- [TASK BRIEF]:
Using the entries that follow, write out the line containing "- added R42: 1M80, Resistor_SMD:R_0402_1005Metric, symbol", the line containing "- new net PWR_PSEL: U45.2 (PSEL)", and every line between them, exactly and nothing else.

RAW DATA START

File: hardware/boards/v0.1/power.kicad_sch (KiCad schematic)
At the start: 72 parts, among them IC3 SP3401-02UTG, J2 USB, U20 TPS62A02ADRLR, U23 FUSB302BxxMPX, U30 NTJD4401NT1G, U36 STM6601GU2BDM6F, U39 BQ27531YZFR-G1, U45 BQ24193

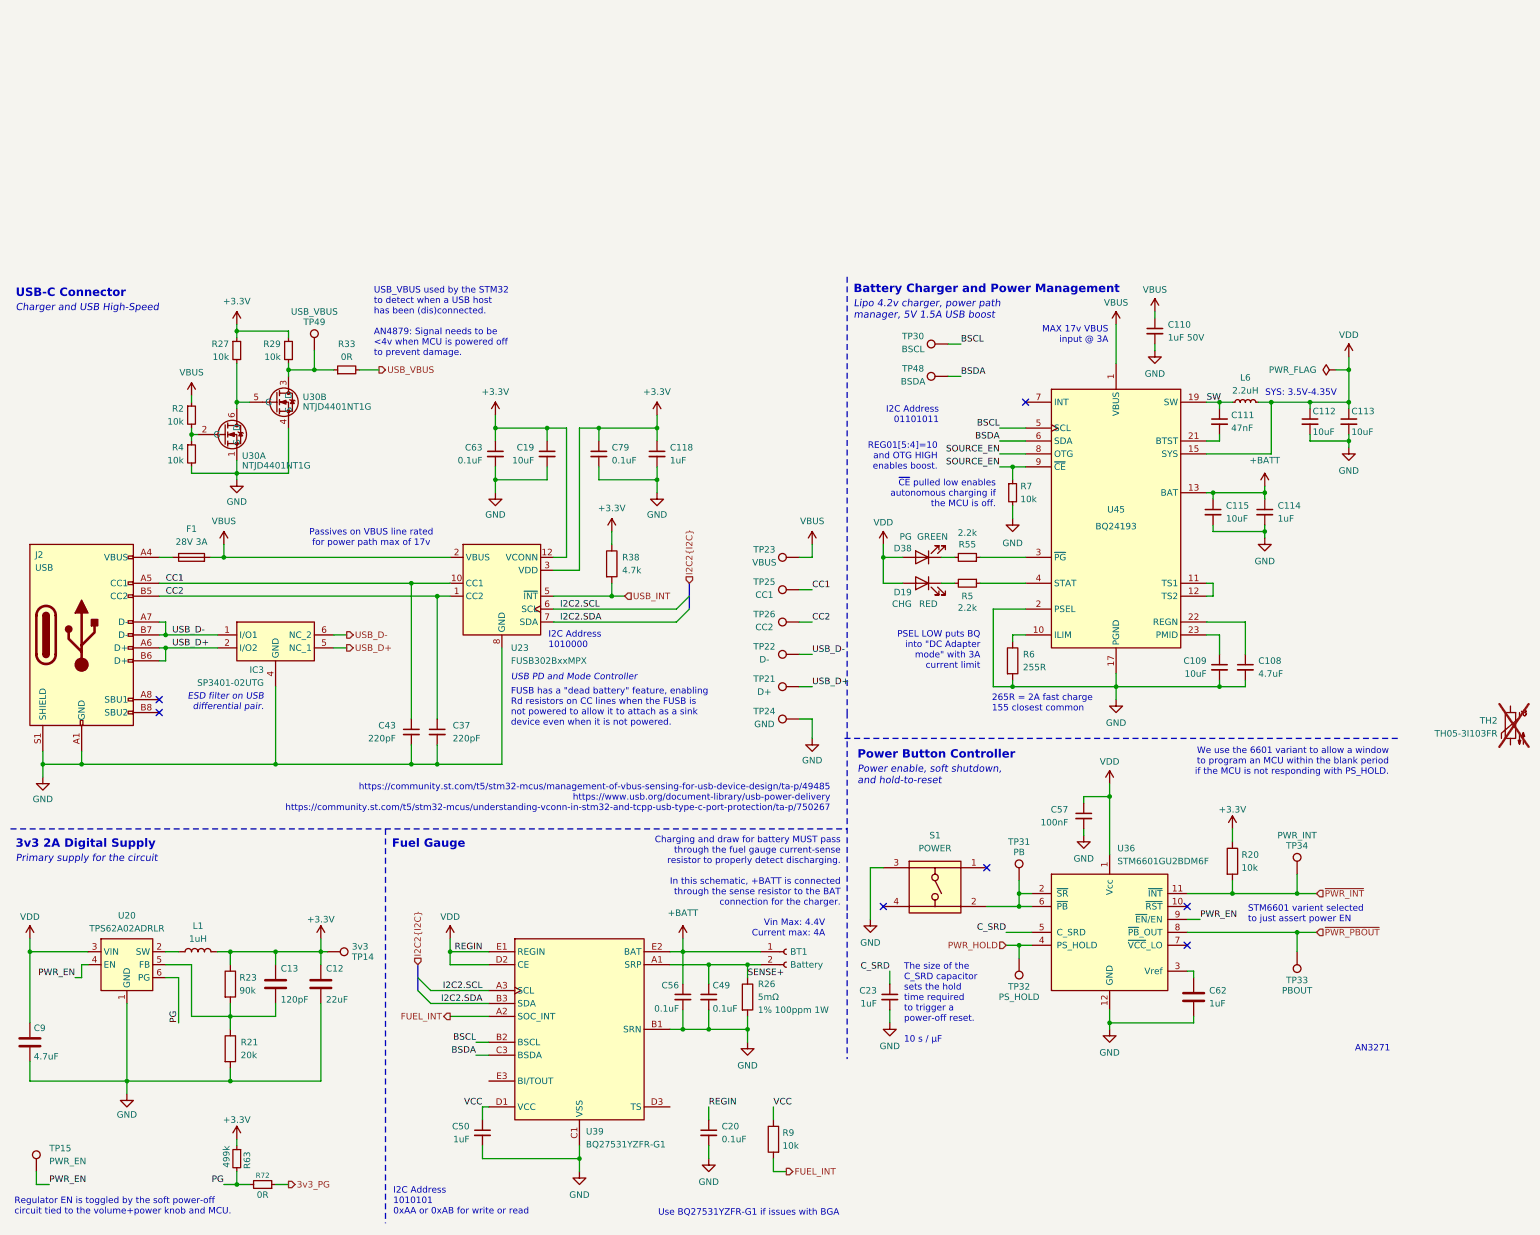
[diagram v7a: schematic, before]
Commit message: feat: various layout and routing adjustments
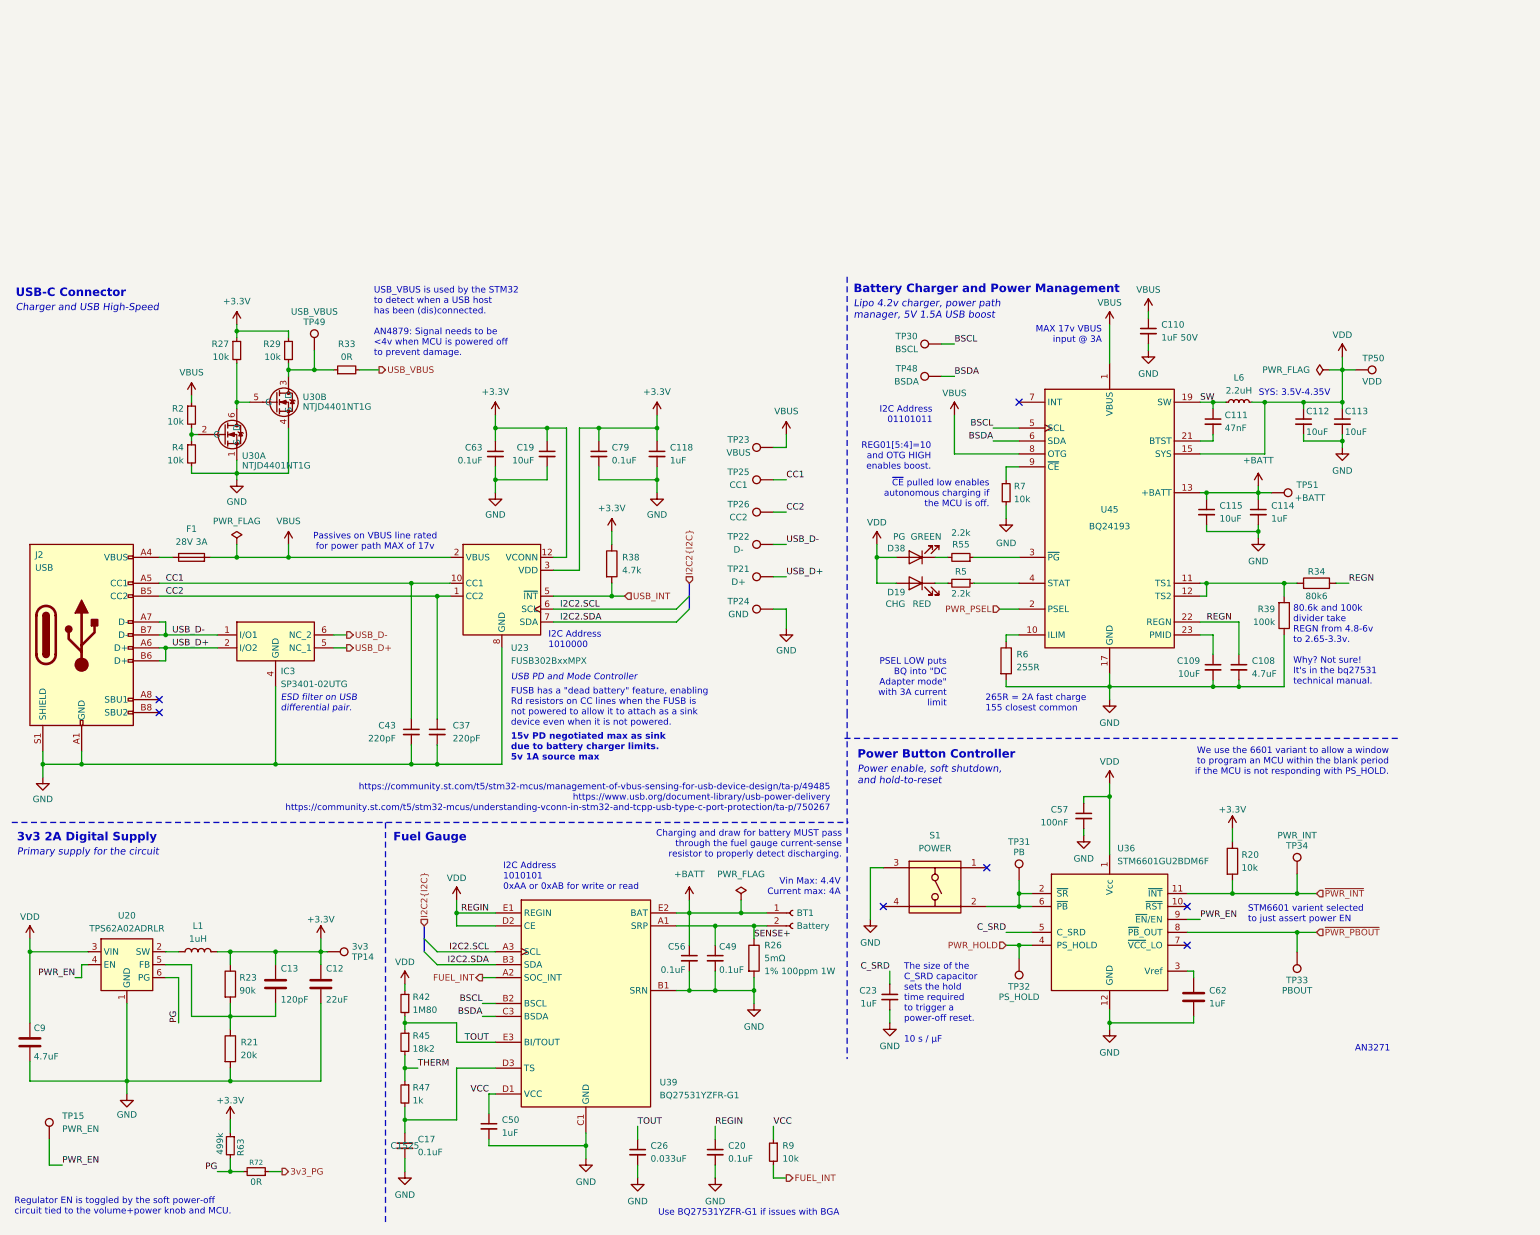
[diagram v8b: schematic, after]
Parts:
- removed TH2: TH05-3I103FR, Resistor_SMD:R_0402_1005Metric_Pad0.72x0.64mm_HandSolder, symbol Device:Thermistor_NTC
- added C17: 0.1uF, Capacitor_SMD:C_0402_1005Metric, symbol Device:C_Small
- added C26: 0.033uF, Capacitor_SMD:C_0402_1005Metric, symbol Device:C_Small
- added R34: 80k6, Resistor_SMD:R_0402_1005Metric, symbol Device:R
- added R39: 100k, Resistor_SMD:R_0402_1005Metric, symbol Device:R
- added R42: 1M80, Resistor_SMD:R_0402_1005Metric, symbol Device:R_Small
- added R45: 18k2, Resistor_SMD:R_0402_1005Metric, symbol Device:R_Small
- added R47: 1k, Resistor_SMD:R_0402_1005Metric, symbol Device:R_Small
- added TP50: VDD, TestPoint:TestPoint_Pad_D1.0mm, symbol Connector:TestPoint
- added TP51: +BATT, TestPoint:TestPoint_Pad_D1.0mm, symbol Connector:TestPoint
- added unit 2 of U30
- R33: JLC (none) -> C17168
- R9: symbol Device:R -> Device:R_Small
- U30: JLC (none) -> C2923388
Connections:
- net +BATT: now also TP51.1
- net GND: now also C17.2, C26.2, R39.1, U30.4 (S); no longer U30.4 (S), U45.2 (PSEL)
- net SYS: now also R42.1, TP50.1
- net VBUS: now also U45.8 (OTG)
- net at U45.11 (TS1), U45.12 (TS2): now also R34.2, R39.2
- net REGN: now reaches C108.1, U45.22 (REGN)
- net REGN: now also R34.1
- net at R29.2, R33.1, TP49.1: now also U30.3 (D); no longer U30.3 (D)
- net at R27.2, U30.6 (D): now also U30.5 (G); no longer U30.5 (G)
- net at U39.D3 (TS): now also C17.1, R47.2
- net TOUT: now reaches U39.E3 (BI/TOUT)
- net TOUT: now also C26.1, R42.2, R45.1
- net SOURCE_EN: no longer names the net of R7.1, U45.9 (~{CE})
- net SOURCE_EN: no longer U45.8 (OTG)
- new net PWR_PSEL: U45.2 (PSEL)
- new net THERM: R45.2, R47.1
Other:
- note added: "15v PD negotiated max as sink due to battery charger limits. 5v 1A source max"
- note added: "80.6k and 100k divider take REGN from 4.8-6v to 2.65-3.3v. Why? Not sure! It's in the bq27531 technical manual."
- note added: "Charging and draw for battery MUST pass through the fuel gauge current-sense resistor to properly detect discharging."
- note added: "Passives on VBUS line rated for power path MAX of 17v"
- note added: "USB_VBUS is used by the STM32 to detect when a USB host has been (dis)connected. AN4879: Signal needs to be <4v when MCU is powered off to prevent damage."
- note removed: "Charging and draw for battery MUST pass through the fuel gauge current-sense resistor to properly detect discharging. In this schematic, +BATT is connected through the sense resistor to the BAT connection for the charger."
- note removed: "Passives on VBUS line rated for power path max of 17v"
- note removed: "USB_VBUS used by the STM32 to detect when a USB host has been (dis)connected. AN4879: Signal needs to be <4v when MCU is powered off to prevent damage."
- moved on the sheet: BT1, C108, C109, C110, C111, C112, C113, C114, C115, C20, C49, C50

RAW DATA END

- [ANSWER TO THIS PROBLEM]:
- added R42: 1M80, Resistor_SMD:R_0402_1005Metric, symbol Device:R_Small
- added R45: 18k2, Resistor_SMD:R_0402_1005Metric, symbol Device:R_Small
- added R47: 1k, Resistor_SMD:R_0402_1005Metric, symbol Device:R_Small
- added TP50: VDD, TestPoint:TestPoint_Pad_D1.0mm, symbol Connector:TestPoint
- added TP51: +BATT, TestPoint:TestPoint_Pad_D1.0mm, symbol Connector:TestPoint
- added unit 2 of U30
- R33: JLC (none) -> C17168
- R9: symbol Device:R -> Device:R_Small
- U30: JLC (none) -> C2923388
Connections:
- net +BATT: now also TP51.1
- net GND: now also C17.2, C26.2, R39.1, U30.4 (S); no longer U30.4 (S), U45.2 (PSEL)
- net SYS: now also R42.1, TP50.1
- net VBUS: now also U45.8 (OTG)
- net at U45.11 (TS1), U45.12 (TS2): now also R34.2, R39.2
- net REGN: now reaches C108.1, U45.22 (REGN)
- net REGN: now also R34.1
- net at R29.2, R33.1, TP49.1: now also U30.3 (D); no longer U30.3 (D)
- net at R27.2, U30.6 (D): now also U30.5 (G); no longer U30.5 (G)
- net at U39.D3 (TS): now also C17.1, R47.2
- net TOUT: now reaches U39.E3 (BI/TOUT)
- net TOUT: now also C26.1, R42.2, R45.1
- net SOURCE_EN: no longer names the net of R7.1, U45.9 (~{CE})
- net SOURCE_EN: no longer U45.8 (OTG)
- new net PWR_PSEL: U45.2 (PSEL)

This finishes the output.